Top of DATA SHOWN

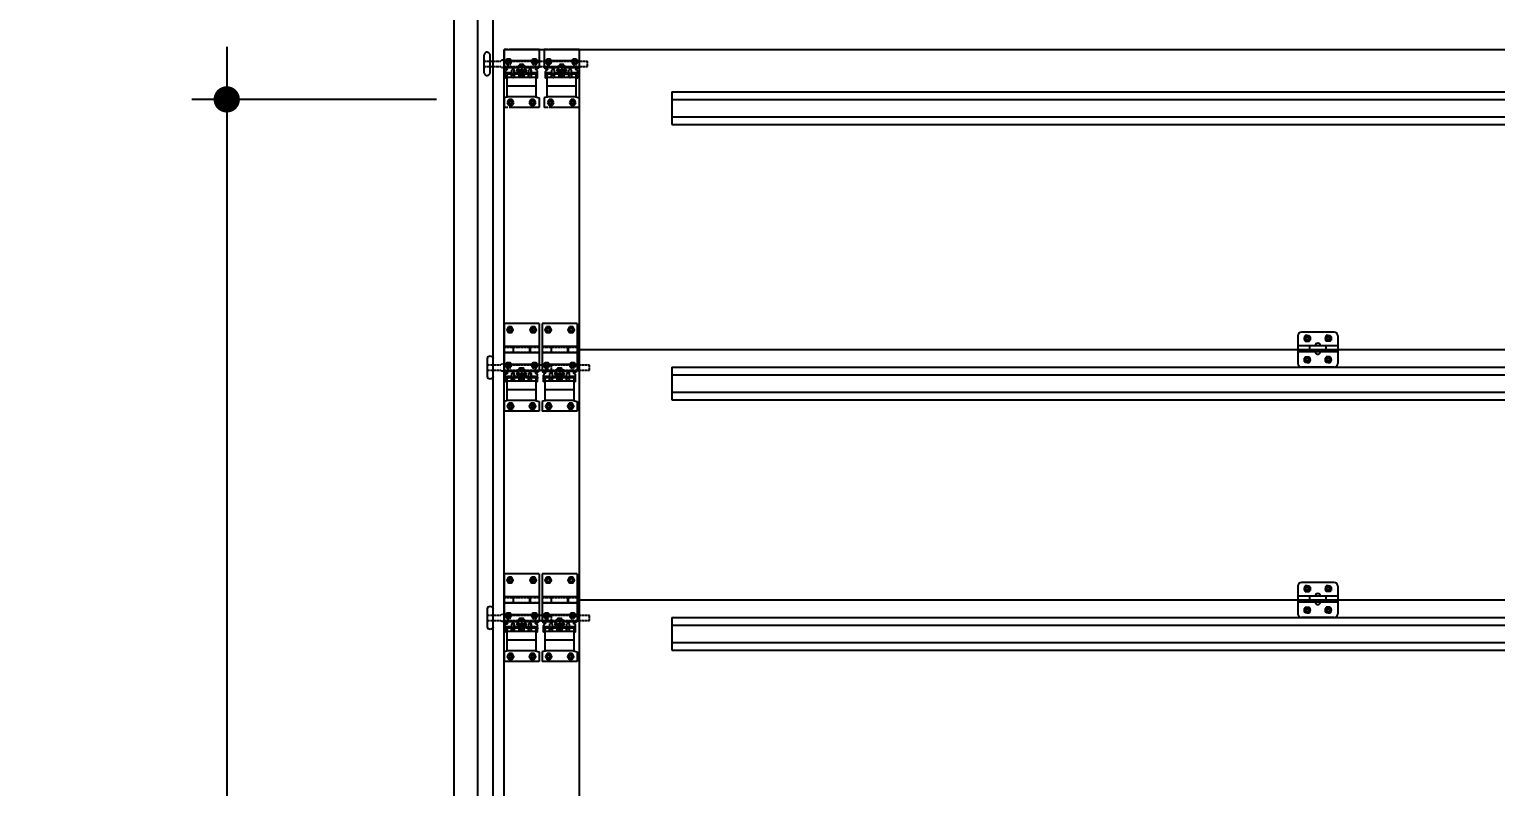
# Model space of a CAD drawing. Header units: millimetres. Extents: x 204328 to 274136, y -196910 to -178068.
# Drawn here: x 249662 to 252591, y -185877 to -184364 of the extents above; entities that cross this region are included whole.
import ezdxf

# ---------------------------------------------------------------- set-up
doc = ezdxf.new("R2010")
doc.units = ezdxf.units.MM
doc.linetypes.add('CEN', pattern=[62, 60, -1, 0, -1])
doc.linetypes.add('HIDDEN', pattern=[0.375, 0.25, -0.125])
doc.layers.get('Defpoints').update_dxf_attribs({"color": 140})
doc.layers.add('A-DIMS', color=7, linetype='Continuous', lineweight=25)
for name, color, linetype in [('CENTER', 1, 'CEN'), ('CONC', 2, 'Continuous'), ('FIN', 8, 'Continuous'), ('OHD Frame', 2, 'Continuous')]:
    doc.layers.add(name, color=color, linetype=linetype)
doc.styles.add('HY울릉도L', font='')
doc.styles.add('돋움', font='')
doc.styles.get('HY울릉도L').set_extended_font_data('Dotum')
doc.styles.get('돋움').set_extended_font_data('Dotum')
doc.dimstyles.new('CDIM', dxfattribs={"dimtxt": 3, "dimasz": 1.5, "dimexe": 2, "dimexo": 1, "dimgap": 1, "dimtad": 1, "dimdec": 0, "dimrnd": 0.5, "dimzin": 0, "dimdsep": 32, "dimlunit": 6, "dimtxsty": 'HY울릉도L', "dimblk1": '_CIDOT', "dimblk2": '_CIDOT', "dimsah": 1, "dimcen": 5.5, "dimclrd": 2, "dimclre": 2, "dimclrt": 7, "dimadec": 0, "dimazin": 0, "dimtfac": 1, "dimtdec": 0, "dimtix": 1, "dimtmove": 2, "dimatfit": 1, "dimldrblk": '_CIDOT', "dimfxl": 1, "dimtolj": 1, "dimtzin": 0, "dimlwd": -1, "dimarcsym": 0})

# ---------------------------------------------------------------- blocks, each defined once
blk = doc.blocks.new('상부더블힌지입면')
at = {"color": 8}
for p, q in [((-337540.9, 320527.2, 0), (-337540.9, 320563.7, 0)), ((-337529.4, 320527.2, 0), (-337529.4, 320563.8, 0)), ((-337431.5, 320574.5, 0), (-337501.5, 320574.5, 0)), ((-337501.5, 320574.5, 0), (-337501.5, 320537.5, 0)), ((-337431.5, 320574.5, 0), (-337431.5, 320537.5, 0)), ((-337351.4, 320574.5, 0), (-337421.4, 320574.5, 0)), ((-337421.4, 320574.5, 0), (-337421.4, 320537.5, 0)), ((-337351.4, 320574.5, 0), (-337351.4, 320537.5, 0)), ((-337431.5, 320551.5, 0), (-337501.5, 320551.5, 0)), ((-337473.5, 320537.5, 0), (-337501.5, 320537.5, 0)), ((-337495.8, 320533.8, 0), (-337500.5, 320537.5, 0)), ((-337498.5, 320517.1, 0), (-337498.5, 320530.3, 0)), ((-337494.5, 320535.1, 0), (-337497.5, 320537.5, 0)), ((-337495.5, 320480.5, 0), (-337495.5, 320522.7, 0)), ((-337486.2, 320527.7, 0), (-337494.5, 320527.7, 0)), ((-337486.5, 320524.7, 0), (-337493.5, 320524.7, 0)), ((-337486.5, 320520, 0), (-337486.5, 320524.7, 0)), ((-337486.2, 320527.7, 0), (-337486.2, 320533.2, 0)), ((-337486.2, 320520.1, 0), (-337486.2, 320524, 0)), ((-337486, 320527, 0), (-337486, 320533.1, 0)), ((-337485.7, 320523.5, 0), (-337481.2, 320523.5, 0)), ((-337485.5, 320526.5, 0), (-337481.5, 320526.5, 0)), ((-337481, 320527, 0), (-337481, 320533.1, 0)), ((-337480.7, 320527.7, 0), (-337480.7, 320533.2, 0)), ((-337471.5, 320527.7, 0), (-337480.7, 320527.7, 0)), ((-337480.7, 320520.1, 0), (-337480.7, 320524, 0)), ((-337471.5, 320524.7, 0), (-337480.5, 320524.7, 0)), ((-337480.5, 320520, 0), (-337480.5, 320524.7, 0)), ((-337480.5, 320524.1, 0), (-337480.5, 320524.2, 0)), ((-337475.5, 320533.4, 0), (-337475.5, 320532.2, 0)), ((-337473.5, 320540.6, 0), (-337473.5, 320534.7, 0)), ((-337466.5, 320531.7, 0), (-337473.5, 320534.7, 0)), ((-337467.3, 320537.7, 0), (-337472.6, 320539.3, 0)), ((-337471.5, 320518.6, 0), (-337471.5, 320529.7, 0)), ((-337470.9, 320542.2, 0), (-337471.4, 320542.2, 0)), ((-337471.2, 320525.8, 0), (-337471.2, 320529.2, 0)), ((-337461.7, 320529.2, 0), (-337471.2, 320529.2, 0)), ((-337461.7, 320525.8, 0), (-337471.2, 320525.8, 0)), ((-337471, 320542.3, 0), (-337470.6, 320542.6, 0)), ((-337470.6, 320541.9, 0), (-337471, 320542.2, 0)), ((-337471, 320541.4, 0), (-337470.6, 320541.7, 0)), ((-337470.6, 320541, 0), (-337471, 320541.3, 0)), ((-337471, 320540.5, 0), (-337470.6, 320540.8, 0)), ((-337470.6, 320540.1, 0), (-337471, 320540.4, 0)), ((-337471, 320539.6, 0), (-337470.6, 320539.9, 0)), ((-337470.6, 320539.1, 0), (-337471, 320539.5, 0)), ((-337466.5, 320536.6, 0), (-337466.5, 320531.7, 0)), ((-337459.5, 320534.7, 0), (-337466.5, 320531.7, 0)), ((-337465.6, 320537.7, 0), (-337460.4, 320539.3, 0)), ((-337462.3, 320542.3, 0), (-337462, 320542.6, 0)), ((-337462, 320541.9, 0), (-337462.3, 320542.2, 0)), ((-337461.6, 320542.2, 0), (-337462.3, 320542.2, 0)), ((-337462.3, 320541.4, 0), (-337462, 320541.7, 0)), ((-337462, 320541, 0), (-337462.3, 320541.3, 0)), ((-337462.3, 320540.5, 0), (-337462, 320540.8, 0)), ((-337462, 320540.1, 0), (-337462.3, 320540.4, 0)), ((-337462.3, 320539.6, 0), (-337462, 320539.9, 0)), ((-337462.1, 320539.3, 0), (-337462.3, 320539.5, 0)), ((-337462, 320542.8, 0), (-337462.1, 320542.9, 0)), ((-337461.7, 320525.8, 0), (-337461.7, 320529.2, 0)), ((-337461.5, 320518.6, 0), (-337461.5, 320529.7, 0)), ((-337461.2, 320530, 0), (-337459.8, 320526.5, 0)), ((-337459.6, 320530.7, 0), (-337460.7, 320530.7, 0)), ((-337459.5, 320540.6, 0), (-337459.5, 320534.7, 0)), ((-337431.5, 320537.5, 0), (-337459.5, 320537.5, 0)), ((-337457.7, 320529.4, 0), (-337457, 320527.7, 0)), ((-337457.5, 320533.4, 0), (-337457.5, 320532.2, 0)), ((-337452.5, 320527.7, 0), (-337457, 320527.7, 0)), ((-337452.2, 320527.7, 0), (-337457, 320527.7, 0)), ((-337452.5, 320524.7, 0), (-337457, 320524.7, 0)), ((-337452.5, 320524.7, 0), (-337457, 320524.7, 0)), ((-337452.5, 320520, 0), (-337452.5, 320524.7, 0)), ((-337452.5, 320524.1, 0), (-337452.5, 320524.2, 0)), ((-337452.2, 320527.7, 0), (-337452.2, 320533.2, 0)), ((-337452.2, 320520.1, 0), (-337452.2, 320524, 0)), ((-337452, 320527, 0), (-337452, 320533.1, 0)), ((-337447.2, 320523.5, 0), (-337451.7, 320523.5, 0)), ((-337447.5, 320526.5, 0), (-337451.5, 320526.5, 0)), ((-337447, 320527, 0), (-337447, 320533.1, 0)), ((-337446.7, 320527.7, 0), (-337446.7, 320533.2, 0)), ((-337438.5, 320527.7, 0), (-337446.7, 320527.7, 0)), ((-337446.7, 320520.1, 0), (-337446.7, 320524, 0)), ((-337439.5, 320524.7, 0), (-337446.5, 320524.7, 0)), ((-337446.5, 320520, 0), (-337446.5, 320524.7, 0)), ((-337438.5, 320535.1, 0), (-337435.5, 320537.5, 0)), ((-337437.5, 320480.5, 0), (-337437.5, 320522.7, 0)), ((-337437.1, 320533.8, 0), (-337432.5, 320537.5, 0)), ((-337434.5, 320517.1, 0), (-337434.5, 320530.3, 0)), ((-337351.4, 320551.5, 0), (-337421.4, 320551.5, 0)), ((-337393.4, 320537.5, 0), (-337421.4, 320537.5, 0)), ((-337415.8, 320533.8, 0), (-337420.4, 320537.5, 0)), ((-337418.4, 320517.1, 0), (-337418.4, 320530.3, 0)), ((-337414.4, 320535.1, 0), (-337417.4, 320537.5, 0)), ((-337415.4, 320480.5, 0), (-337415.4, 320522.7, 0)), ((-337406.2, 320527.7, 0), (-337414.4, 320527.7, 0)), ((-337406.4, 320524.7, 0), (-337413.4, 320524.7, 0)), ((-337406.4, 320520, 0), (-337406.4, 320524.7, 0)), ((-337406.2, 320527.7, 0), (-337406.2, 320533.2, 0)), ((-337406.2, 320520.1, 0), (-337406.2, 320524, 0)), ((-337405.9, 320527, 0), (-337405.9, 320533.1, 0)), ((-337405.7, 320523.5, 0), (-337401.2, 320523.5, 0)), ((-337405.4, 320526.5, 0), (-337401.4, 320526.5, 0)), ((-337400.9, 320527, 0), (-337400.9, 320533.1, 0)), ((-337400.7, 320527.7, 0), (-337400.7, 320533.2, 0)), ((-337391.4, 320527.7, 0), (-337400.7, 320527.7, 0)), ((-337400.7, 320520.1, 0), (-337400.7, 320524, 0)), ((-337391.4, 320524.7, 0), (-337400.4, 320524.7, 0)), ((-337400.4, 320520, 0), (-337400.4, 320524.7, 0)), ((-337400.4, 320524.1, 0), (-337400.4, 320524.2, 0)), ((-337395.4, 320533.4, 0), (-337395.4, 320532.2, 0)), ((-337393.4, 320540.6, 0), (-337393.4, 320534.7, 0)), ((-337386.4, 320531.7, 0), (-337393.4, 320534.7, 0)), ((-337387.3, 320537.7, 0), (-337392.5, 320539.3, 0)), ((-337391.4, 320518.6, 0), (-337391.4, 320529.7, 0)), ((-337390.9, 320542.2, 0), (-337391.3, 320542.2, 0)), ((-337391.2, 320525.8, 0), (-337391.2, 320529.2, 0)), ((-337381.7, 320529.2, 0), (-337391.2, 320529.2, 0)), ((-337381.7, 320525.8, 0), (-337391.2, 320525.8, 0)), ((-337390.9, 320542.3, 0), (-337390.6, 320542.6, 0)), ((-337390.6, 320541.9, 0), (-337390.9, 320542.2, 0)), ((-337390.9, 320541.4, 0), (-337390.6, 320541.7, 0)), ((-337390.6, 320541, 0), (-337390.9, 320541.3, 0)), ((-337390.9, 320540.5, 0), (-337390.6, 320540.8, 0)), ((-337390.6, 320540.1, 0), (-337390.9, 320540.4, 0)), ((-337390.9, 320539.6, 0), (-337390.6, 320539.9, 0)), ((-337390.6, 320539.1, 0), (-337390.9, 320539.5, 0)), ((-337386.4, 320536.6, 0), (-337386.4, 320531.7, 0)), ((-337379.4, 320534.7, 0), (-337386.4, 320531.7, 0)), ((-337385.6, 320537.7, 0), (-337380.4, 320539.3, 0)), ((-337382.3, 320542.3, 0), (-337382, 320542.6, 0)), ((-337382, 320541.9, 0), (-337382.3, 320542.2, 0)), ((-337381.6, 320542.2, 0), (-337382.3, 320542.2, 0)), ((-337382.3, 320541.4, 0), (-337382, 320541.7, 0)), ((-337382, 320541, 0), (-337382.3, 320541.3, 0)), ((-337382.3, 320540.5, 0), (-337382, 320540.8, 0)), ((-337382, 320540.1, 0), (-337382.3, 320540.4, 0)), ((-337382.3, 320539.6, 0), (-337382, 320539.9, 0)), ((-337382.1, 320539.3, 0), (-337382.3, 320539.5, 0)), ((-337382, 320542.8, 0), (-337382.1, 320542.9, 0)), ((-337381.7, 320525.8, 0), (-337381.7, 320529.2, 0)), ((-337381.4, 320518.6, 0), (-337381.4, 320529.7, 0)), ((-337381.2, 320530, 0), (-337379.8, 320526.5, 0)), ((-337379.6, 320530.7, 0), (-337380.7, 320530.7, 0)), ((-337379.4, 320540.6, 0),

Bottom of DATA SHOWN

◆ ASSIGNMENT ◆
There is a run of lines above from the one with "color=7, linetype='Continuous', lineweight=25)" to the one with "doc.layers.add(name, color=color, linetype=linetype)"; print exactly that run, both ends included, and nothing else.

◆ SOLVED EXERCISE ◆
doc.layers.add('A-DIMS', color=7, linetype='Continuous', lineweight=25)
for name, color, linetype in [('CENTER', 1, 'CEN'), ('CONC', 2, 'Continuous'), ('FIN', 8, 'Continuous'), ('OHD Frame', 2, 'Continuous')]:
    doc.layers.add(name, color=color, linetype=linetype)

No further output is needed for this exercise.